We've thoroughly revised and replaced most algs so as to provide you with a perfect mix of optimal and fingertricky algs at once. So, you probably won't find any difficulty in executing most algs. As Jay said, there will be some videos on a few cases which we feel need some guidance. But if you do find difficulty in any alg, please let us know by filling this up: http://goo.gl/forms/RKaevM63tY and we'll see what we can do


----------



## Isaac Lai (Jul 28, 2015)

Wow this is quite a step up from the previous one!


----------



## natezach728 (Jul 28, 2015)

I know what I'm committing to next.


----------



## KevinG (Jul 28, 2015)

I didn't like most of the previous algs at all...
But these are awesome...


----------



## henrysavich (Jul 28, 2015)

Already learned a couple, but I'm gonna want execution videos  

Do the top skewbers know all these ? It's a lot more than the 20 or so I know for pyra


----------



## cashis (Jul 28, 2015)

Spanish?


----------



## megaminxwin (Jul 28, 2015)

cashis said:


> Spanish?



I know, it doesn't make any sense. It's not like Jhon Alexander Taboada Temple speaks Spanish or anything.


----------



## cashis (Jul 28, 2015)

megaminxwin said:


> I know, it doesn't make any sense. It's not like Jhon Alexander Taboada Temple speaks Spanish or anything.



I know that...lol.
but its not like Jayden Mcneill speaks English or anything
e; regardless of language, this is great


----------



## Bindedsa (Jul 28, 2015)

henrysavich said:


> Already learned a couple, but I'm gonna want execution videos
> 
> Do the top skewbers know all these ? It's a lot more than the 20 or so I know for pyra



64 is the number I know, though I'll definitely be learning these.


----------



## MennoniteCuber1 (Jul 28, 2015)

I don't understand the notation.
Also what's a good alg for Pi+Z perm?


----------



## Bindedsa (Jul 28, 2015)

MennoniteCuber1 said:


> I don't understand the notation.
> Also what's a good alg for Pi+Z perm?



Notation: http://rubikskewb.web.fc2.com/skewb/notation.html

all Pi plus Z perm cases are in the doc.


----------



## Maxh (Jul 28, 2015)

Which are missing? Is it worth learning all of them?


----------



## zaidkhalifa (Apr 8, 2016)

What about the remaining 31 cases?
Is NS 3.0 coming out?


----------



## Daniel Lin (Apr 9, 2016)

Is NS more useful or EG-2?


----------



## Isaac Lai (Apr 9, 2016)

zaidkhalifa said:


> What about the remaining 31 cases?
> Is NS 3.0 coming out?


Use sledges, hedges and rotations. They're fast enough to not warrant algs.


Daniel Lin said:


> Is NS more useful or EG-2?


Definitely NS.


----------



## zaidkhalifa (May 12, 2016)

Pi + Z Conjuga and Peanut + Z Conjuga have 8 cases each. But here there are only 4 each. I don't think hedges and sledges are fast enough for the remaining.


----------



## Isaac Lai (May 12, 2016)

zaidkhalifa said:


> Pi + Z Conjuga and Peanut + Z Conjuga have 8 cases each. But here there are only 4 each. I don't think hedges and sledges are fast enough for the remaining.
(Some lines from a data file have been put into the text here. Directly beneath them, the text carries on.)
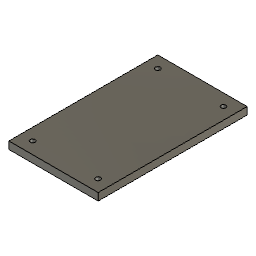
Mounting Plate (Autodesk Fusion 360 design; units mm, degrees)
part number: 2026-07-02-17-50-29-062
Autodesk Fusion 360 part; units mm, degrees
sketch "草图1" plane through (0, 0, 0) normal (0, 0, 1) x (1, 0, 0)
  line L0 (0, 0) -> (60, 0)
  line L1 (60, 0) -> (60, -100)
  line L2 (60, -100) -> (0, -100)
  line L3 (0, -100) -> (0, 0)
  dimension "d1" = 60
  dimension "d2" = 100
  constraint horizontal L0
  constraint vertical L1
  constraint horizontal L2
  constraint vertical L3
  constraint coincident L0.start L3.end
  measures "d1" distance of L0.start L0.end
  measures "d2" distance of L0.start L2.end
extrude "拉伸1" add sketch "草图1" along normal blind 5
sketch "草图2" plane through (0, 0, 5) normal (0, 0, 1) x (-1, 0, 0)
  line L0 (0, 100) -> (-60, 100)
  line L1 (-60, 100) -> (-60, 0)
  line L2 (-60, 0) -> (0, 0)
  line L3 (0, 0) -> (0, 100)
  circle A0 centre (-8, 8) radius 1.6
  circle A1 centre (-52, 8) radius 1.6
  circle A2 centre (-8, 92) radius 1.6
  circle A3 centre (-52, 92) radius 1.6
  dimension "d5" = 3.2
  dimension "d6" = 8
  dimension "d7" = 8
  dimension "d14" = -44
  dimension "d15" = 84
  measures "d5" diameter of A0
  measures "d6" distance of L3 A0.centre
  measures "d7" distance of L2 A0.centre
extrude "拉伸2" cut sketch "草图2" against normal blind 5 contours A0 | A1 | A2 | A3
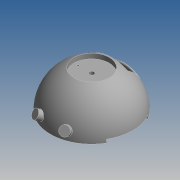
# Autodesk Inventor part: body_face
Saved by Autodesk Inventor 2017 (Build 210142000, 142)
## iProperties
Created: 2018-10-05
Part Number: body_face
Material: Générique
Document SubType Name: Modeling
Designer: Gilles Mottiez
Density: 1 g/cm^3
Appearance: Par défaut
Author: Gilles Mottiez
Autodesk Inventor part; units mm, degrees
ref_plane "YZ Plane" through (0, 0, 0) normal (1, 0, 0) x (0, 1, 0)
ref_plane "XZ Plane" through (0, 0, 0) normal (0, 1, 0) x (-1, 0, 0)
ref_plane "XY Plane" through (0, 0, 0) normal (0, 0, 1) x (1, 0, 0)
sketch "Sketch1" plane through (0, 0, 0) normal (0, 0, 1) x (1, 0, 0)
  circle A0 centre (0, 0) radius 70 construction
  line L0 (-70, 0) -> (70, 0) construction
  arc A1 (70, 0) -> (-70, 0) centre (0, 0) ccw
  line L1 (-70, 0) -> (70, 0)
  dimension "d0" = 140
  constraints: 4 end point, 4 point on circle, 2 centre point, 2 coincident, 1 collinear, 1 concentric, 1 horizontal, 1 midpoint
  measures "d0" diameter of A0
revolve "Révolution1" add sketch "Sketch1" angle 180 about axis through (-70, 0, 0) along (1, 0, 0)
sketch "Esquisse2" plane through (0, 0, 0) normal (1, 0, 0) x (0, 1, 0)
  line L0 (-70, 0) -> (70, 0) construction
  circle A0 centre (0, 0) radius 67 construction
  arc A1 (67, 0) -> (-67, 0) centre (0, 0) ccw
  line L1 (67, 0) -> (-67, 0)
  dimension "d2" = 134
  constraints: 4 point on circle, 2 centre point, 2 concentric, 2 end point, 2 point on line, 1 coincident, 1 collinear
  measures "d2" diameter of A0
revolve "Révolution2" cut sketch "Esquisse2" angle 360 about axis through (0, 67, 0) along (0, -1, 0)
sketch "Esquisse3" plane through (0, 0, 0) normal (1, 0, 0) x (0, 1, 0)
  line L0 (67, 0) -> (-67, 0) construction
  line L1 (-70, 0) -> (70, 0) construction
  arc A0 (70, 0) -> (-70, 0) centre (0, 0) ccw construction
  line L2 (35, 0) -> (-35, 0)
  line L3 (-35, 0) -> (-35, 5.5)
  line L4 (-35, 5.5) -> (35, 5.5)
  line L5 (35, 5.5) -> (35, 0)
  point P0 (0, 0)
  point P1 (0, 0)
  point P2 (0, 5.5)
  dimension "d4" = 70
  dimension "d5" = 5.5
  constraints: 8 end point, 2 midpoint, 2 parallel, 1 horizontal, 1 perpendicular, 1 point on line, 1 vertical alignment
  measures "d4" distance of L3.end L4.end
  measures "d5" distance of L4.end L2.start
extrude "Extrusion1" cut sketch "Esquisse3" along normal through all both and the other way through all
sketch "Esquisse4" plane through (0, 0, 0) normal (0, 0, -1) x (-1, 0, 0)
  line L0 (-60.6218, 35) -> (-57.1314, 35) construction
  arc A0 (57.1314, 35) -> (-57.1314, 35) centre (0, 0) ccw construction
  line L1 (57.1314, 35) -> (60.6218, 35) construction
  arc A1 (60.6218, 35) -> (-60.6218, 35) centre (0, 0) ccw construction
  arc A2 (-57.1314, -35) -> (57.1314, -35) centre (0, 0) ccw construction
  line L2 (-57.1314, -35) -> (-60.6218, -35) construction
  arc A3 (-60.6218, -35) -> (60.6218, -35) centre (0, 0) ccw construction
  line L3 (60.6218, -35) -> (57.1314, -35) construction
  arc A4 (-57.1314, -35) -> (57.1314, -35) centre (0, 0) ccw construction
  arc A5 (-56.8661, 35) -> (-56.8661, -35) centre (0, 0) ccw construction
  line L4 (-60.3718, 35) -> (-56.8661, 35) construction
  arc A6 (-60.3718, 35) -> (-60.3718, -35) centre (0, 0) ccw construction
  line L5 (-60.3718, -35) -> (-56.8661, -35) construction
  arc A7 (56.8661, -35) -> (56.8661, 35) centre (0, 0) ccw construction
  line L6 (56.8661, -35) -> (60.3718, -35) construction
  arc A8 (60.3718, -35) -> (60.3718, 35) centre (0, 0) ccw construction
  line L7 (56.8661, 35) -> (60.3718, 35) construction
  line L8 (0, 0) -> (-49.4975, 49.4975) construction
  line L9 (0, 0) -> (-69.7836, 0) construction
  circle A9 centre (0, 0) radius 63 construction
  circle A10 centre (-44.5477, 44.5477) radius 4 construction
  line L10 (-41.6309, 47.2849) -> (-44.5602, 50.0339)
  line L11 (-47.2849, 41.6309) -> (-50.2031, 44.3694)
  arc A11 (-44.5602, 50.0339) -> (-50.2031, 44.3694) centre (0, 0) ccw
  arc A12 (-47.2849, 41.6309) -> (-41.6309, 47.2849) centre (-44.5477, 44.5477) ccw
  dimension "d8" = 45
  dimension "d9" = 126
  dimension "d10" = 8
  constraints: 13 point on circle, 8 end point, 4 centre point, 2 concentric, 2 tangent, 1 coincident, 1 parallel, 1 point on line
  measures "d8" angle of L8 L9
  measures "d9" diameter of A9
  measures "d10" diameter of A10
extrude "Extrusion2" add sketch "Esquisse4" against normal up to surface
sketch "Esquisse6" plane through (0, 0, 0) normal (0, 0, -1) x (-1, 0, 0)
  line L0 (-60.6218, 35) -> (-57.1314, 35) construction
  arc A0 (-50.2031, 44.3694) -> (-57.1314, 35) centre (0, 0) ccw construction
  line L1 (-50.2031, 44.3694) -> (-47.2849, 41.6309) construction
  arc A1 (-47.2849, 41.6309) -> (-41.6309, 47.2849) centre (-44.5477, 44.5477) ccw construction
  line L2 (-41.6309, 47.2849) -> (-44.5602, 50.0339) construction
  line L3 (57.1314, 35) -> (60.6218, 35) construction
  arc A2 (60.6218, 35) -> (-60.6218, 35) centre (0, 0) ccw construction
  circle A3 centre (-44.5477, 44.5477) radius 2.5
  line L4 (-57.1314, -35) -> (-60.6218, -35) projected
  arc A4 (-60.6218, -35) -> (60.6218, -35) centre (0, 0) ccw projected
  line L5 (60.6218, -35) -> (57.1314, -35) projected
  arc A5 (-57.1314, -35) -> (57.1314, -35) centre (0, 0) ccw projected
  arc A6 (57.1314, 35) -> (-44.5602, 50.0339) centre (0, 0) ccw projected
  dimension "d19" = 5
  constraints: 1 centre point, 1 coincident
  measures "d19" diameter of A3
extrude "Extrusion4" cut sketch "Esquisse6" against normal blind 4 contours A3
sketch "Esquisse7" plane through (0, 0, 0) normal (0, 0, 1) x (1, 0, 0)
  arc A0 (-60.6218, -35) -> (60.6218, -35) centre (0, 0) ccw construction
  arc A1 (57.1314, 35) -> (50.2031, 44.3694) centre (0, 0) ccw construction
  line L0 (-57.1314, -35) -> (-56.8661, -35) construction
  arc A2 (-56.8661, 35) -> (-56.8661, -35) centre (0, 0) ccw construction
  line L1 (-56.8661, 35) -> (-57.1314, 35) construction
  line L2 (44.5602, 50.0339) -> (41.6309, 47.2849) construction
  line L3 (47.2849, 41.6309) -> (50.2031, 44.3694) construction
  line L4 (57.1314, 35) -> (56.8661, 35) construction
  arc A3 (56.8661, -35) -> (56.8661, 35) centre (0, 0) ccw construction
  line L5 (56.8661, -35) -> (57.1314, -35) construction
  line L6 (50, -70) -> (-50, -70) construction
  arc A4 (-57.1314, -35) -> (57.1314, -35) centre (0, 0) ccw projected
  arc A5 (44.5602, 50.0339) -> (-57.1314, 35) centre (0, 0) ccw projected
  point P0 (0, -70)
  point P1 (0, -70)
  dimension "d25" = 100
  constraints: 2 end point, 1 coincident, 1 horizontal, 1 midpoint, 1 point on circle, 1 vertical alignment, 1 other
  measures "d25" distance of L6.start L6.end
ref_plane "Plan de construction1" through (50, -70, 0) normal (0, -0.8660254, 0.5) x (-1, 0, 0)
ref_plane "Plan de construction2" through (50, -78.6603, 5) normal (0, -0.8660254, 0.5) x (-1, 0, 0)
sketch "Esquisse9" plane through (50, -78.6603, 5) normal (0, -0.8660254, 0.5) x (-1, 0, 0)
  line L0 (0, 0) -> (100, 0) construction
  ellipse E0 centre (50, -52.5) end of major axis (110.6218, -52.5) minor radius 52.5 (-10.6218, -52.5) -> (-10.3718, -57.2631) ccw construction
  ellipse E1 centre (50, -35) end of major axis (120, -35) minor radius 35 (-10.6218, -52.5) -> (110.6218, -52.5) ccw construction
  ellipse E2 centre (50, -52.5) end of major axis (110.6218, -52.5) minor radius 52.5 (110.3718, -57.2631) -> (110.6218, -52.5) ccw construction
  ellipse E3 centre (50, -39.7631) end of major axis (119.7836, -39.7631) minor radius 34.8918 (110.3718, -57.2631) -> (110.3718, -22.2631) ccw construction
  ellipse E4 centre (50, -17.5) end of major axis (110.6218, -17.5) minor radius 52.5 (110.3718, -22.2631) -> (110.6218, -17.5) ccw construction
  ellipse E5 centre (50, -35) end of major axis (120, -35) minor radius 35 (110.6218, -17.5) -> (-10.6218, -17.5) ccw construction
  ellipse E6 centre (50, -17.5) end of major axis (110.6218, -17.5) minor radius 52.5 (-10.6218, -17.5) -> (-10.3718, -22.2631) ccw construction
  ellipse E7 centre (50, -39.7631) end of major axis (119.7836, -39.7631) minor radius 34.8918 (-10.3718, -22.2631) -> (-10.3718, -57.2631) ccw construction
  line L1 (75, 0) -> (75, -50) construction
  line L2 (25, 0) -> (25, -50) construction
  point P0 (50, -35)
  point P1 (50, 0)
  dimension "d32" = 50
  dimension "d34" = 25
  dimension "d40" = 50
  dimension "d41" = 25
  constraints: 4 end point, 2 point on line, 2 vertical, 8 other
  measures "d32" distance of L1.start L1.end
  measures "d34" distance from line of point (50, 0) L1
  measures "d40" distance of L2.start L2.end
  measures "d41" distance from line of L2 point (50, -17.5)
ref_plane "Plan de construction3" through (-25, -78.6603, 5) normal (-0.3420201, -0.8137977, 0.4698463) x (0, 0.5, 0.8660254)
sketch "Esquisse10" plane through (-25, -78.6603, 5) normal (-0.3420201, -0.8137977, 0.4698463) x (0, 0.5, 0.8660254)
  ellipse E0 centre (52.5, 11.0287) end of major axis (21.6025, 63.1856) minor radius 49.3339 (52.5, -45.9371) -> (57.2631, -46.6428) ccw construction
  ellipse E1 centre (35, 0.6618) end of major axis (48.5607, 69.3357) minor radius 32.8892 (52.5, -45.9371) -> (52.5, 67.9945) ccw construction
  ellipse E2 centre (52.5, 11.0287) end of major axis (21.6025, 63.1856) minor radius 49.3339 (57.2631, 66.819) -> (52.5, 67.9945) ccw construction
  ellipse E3 centre (39.7631, -0.2788) end of major axis (53.2819, 68.1828) minor radius 32.7876 (57.2631, 66.819) -> (22.2631, 46.0852) ccw construction
  ellipse E4 centre (17.5, -9.7052) end of major axis (-13.3975, 42.4517) minor radius 49.3339 (22.2631, 46.0852) -> (17.5, 47.2607) ccw construction
  ellipse E5 centre (35, 0.6618) end of major axis (48.5607, 69.3357) minor radius 32.8892 (17.5, 47.2607) -> (17.5, -66.671) ccw construction
  ellipse E6 centre (17.5, -9.7052) end of major axis (-13.3975, 42.4517) minor radius 49.3339 (17.5, -66.671) -> (22.2631, -67.3766) ccw construction
  ellipse E7 centre (39.7631, -0.2788) end of major axis (53.2819, 68.1828) minor radius 32.7876 (22.2631, -67.3766) -> (57.2631, -46.6428) ccw construction
  line L0 (0, 0) -> (50, 0) construction
  line L1 (0, -70.4769) -> (0, 23.4923) construction
  circle A0 centre (15, 0) radius 7.5
  point P0 (35, 0.6618)
  dimension "d36" = 15
  dimension "d37" = 15
  constraints: 1 centre point, 1 point on line, 8 other
  measures "d36" diameter of A0
  measures "d37" distance from line of L1 A0.centre
extrude "Extrusion5" add sketch "Esquisse10" against normal up to surface
ref_plane "Plan de construction4" through (25, -78.6603, 5) normal (0.3420201, -0.8137977, 0.4698463) x (0, 0.5, 0.8660254)
sketch "Esquisse11" plane through (25, -78.6603, 5) normal (0.3420201, -0.8137977, 0.4698463) x (0, 0.5, 0.8660254)
  line L0 (0, 0) -> (50, 0) construction
  line L1 (0, -23.4923) -> (0, 70.4769) construction
  circle A0 centre (15, 0) radius 7.5
  point P0 (35, -0.6618)
  dimension "d43" = 15
  dimension "d44" = 15
  constraints: 1 centre point, 1 point on line
  measures "d43" diameter of A0
  measures "d44" distance from line of L1 A0.centre
extrude "Extrusion6" add sketch "Esquisse11" against normal up to surface
sketch "Esquisse12" plane through (0, 0, 0) normal (1, 0, 0) x (0, 1, 0)
  arc A0 (67, 0) -> (-67, 0) centre (0, 0) ccw construction
  arc A1 (70, 0) -> (-70, 0) centre (0, 0) ccw construction
  line L0 (0, -14.3596) -> (0, 86.1577) construction
  line L1 (35, 0) -> (44.3694, 0) construction
  line L2 (-35, 0) -> (-35, 5.5) construction
  line L3 (-35, 5.5) -> (35, 5.5) construction
  line L4 (35, 5.5) -> (35, 0) construction
  ellipse E0 centre (4.3693, 0) end of major axis (4.3693, -66.7315) minor radius 45.6646 (50.0339, 0) -> (47.2849, 22.8035) ccw construction
  ellipse E1 centre (-1.4584, 0) end of major axis (-1.4584, 66.9701) minor radius 45.8278 (44.3694, 0) -> (41.6309, 22.8035) ccw construction
  line L5 (35, 0) -> (35, 5.5) construction
  line L6 (35, 5.5) -> (-35, 5.5) construction
  line L7 (-35, 5.5) -> (-35, 0) construction
  line L8 (0, 47) -> (47.7493, 47)
  arc A2 (47.7493, 47) -> (0, 67) centre (0, 0) ccw
  line L9 (0, 67) -> (0, 47)
  line L10 (-35, 0) -> (-35, 0) projected
  line L11 (50.0339, 0) -> (35, 0) projected
  point P0 (0, 0)
  point P1 (4, 66.8805)
  point P2 (-4, 66.8805)
  dimension "d48" = 20
  constraints: 4 end point, 4 point on circle, 2 point on line, 1 centre point, 1 collinear, 1 concentric, 1 horizontal, 1 horizontal alignment, 2 other
  measures "d48" distance from line of L9.start L8
revolve "Révolution3" add sketch "Esquisse12" angle 360 about axis through (0, 0, 67) along (0, 0, -1)
sketch "Esquisse13" plane through (0, 0, 0) normal (1, 0, 0) x (0, 1, 0)
  line L0 (35, 5.5) -> (35, 0) construction
  line L1 (35, 0) -> (35, 0) construction
  line L2 (35, 0) -> (35, 5.5) construction
  line L3 (35, 5.5) -> (-35, 5.5) construction
  line L4 (-35, 5.5) -> (-35, 0) construction
  line L5 (-35, 0) -> (-35, 0) construction
  line L6 (-35, 0) -> (-35, 5.5) construction
  line L7 (-35, 5.5) -> (35, 5.5) construction
  line L8 (47.7493, 47) -> (-47.7493, 47) construction
  line L9 (0, -15) -> (0, 90) construction
  arc A0 (70, 0) -> (-70, 0) centre (0, 0) ccw construction
  line L10 (0, 55) -> (30, 55) construction
  line L11 (30, 55) -> (30, 75) construction
  line L12 (30, 75) -> (0, 75) construction
  line L13 (0, 75) -> (0, 55) construction
  line L14 (0, 55) -> (30, 55)
  line L15 (30, 55) -> (30, 63.2456)
  arc A1 (30, 63.2456) -> (0, 70) centre (0, 0) ccw
  line L16 (0, 55) -> (0, 70)
  point P0 (0, 0)
  dimension "d50" = 8
  dimension "d51" = 30
  dimension "d52" = 20
  constraints: 14 end point, 4 point on circle, 3 point on line, 2 collinear, 2 parallel, 1 centre point, 1 concentric, 1 horizontal, 1 perpendicular, 2 other
  measures "d50" distance between parallel lines of L10 L8
  measures "d51" distance between parallel lines of L13 L11
  measures "d52" distance of L10.end L11.end
revolve "Révolution4" cut sketch "Esquisse13" angle 360 about axis through (0, 0, 55) along (0, 0, 1)
sketch "Esquisse15" plane through (0, 0, 55) normal (0, 0, 1) x (1, 0, 0)
  point P0 (0, 0)
  point P1 (-23, 0)
  dimension "d57" = 23
  constraints: 1 horizontal alignment
  measures "d57" distance of point (-23, 0) point (0, 0)
hole "Perçage1" at (-23, 0, 55) direction (0, 0, -1) diameter 3 depth 8 tip angle 118
sketch "Esquisse16" plane through (0, 0, 0) normal (1, 0, 0) x (0, 1, 0)
  line L0 (-30, 63.2456) -> (30, 63.2456) construction
  line L1 (35, 5.5) -> (35, 0) construction
  line L2 (35, 0) -> (35, 0) construction
  line L3 (35, 0) -> (35, 5.5) construction
  line L4 (35, 5.5) -> (-35, 5.5) construction
  line L5 (-35, 5.5) -> (-35, 0) construction
  line L6 (-35, 0) -> (-35, 0) construction
  line L7 (-35, 0) -> (-35, 5.5) construction
  line L8 (-35, 5.5) -> (35, 5.5) construction
  line L9 (47.7493, 47) -> (-47.7493, 47) construction
  line L10 (4, 47) -> (-4, 47) construction
  line L11 (-4, 55) -> (4, 55) construction
  line L12 (0, -13.1244) -> (0, 78.7461) construction
  line L13 (0, 41) -> (6, 41) construction
  line L14 (6, 41) -> (6, 47) construction
  line L15 (6, 47) -> (0, 47) construction
  line L16 (0, 47) -> (0, 41) construction
  arc A0 (11, 47) -> (6, 42) centre (11, 42) ccw construction
  line L17 (0, 47) -> (11, 47)
  line L18 (6, 41) -> (0, 41)
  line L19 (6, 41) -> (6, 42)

Yes they are. Just go and learn advanced first.


----------



## zaidkhalifa (May 12, 2016)

Isaac Lai said:


> Yes they are. Just go and learn advanced first.


I know Sarah advanced.
I think I have to rephrase what I wrote.
What I actually wanted to ask is "Are those 4 Z Conjuga excluded because the U perm appears in a good angle whereas for the other 4 (which are included here), you have to rotate to solve the U Perm?"


----------



## Cale S (May 12, 2016)

zaidkhalifa said:


> I know Sarah advanced.
> I think I have to rephrase what I wrote.
> What I actually wanted to ask is "Are those 4 Z Conjuga excluded because the U perm appears in a good angle whereas for the other 4 (which are included here), you have to rotate to solve the U Perm?"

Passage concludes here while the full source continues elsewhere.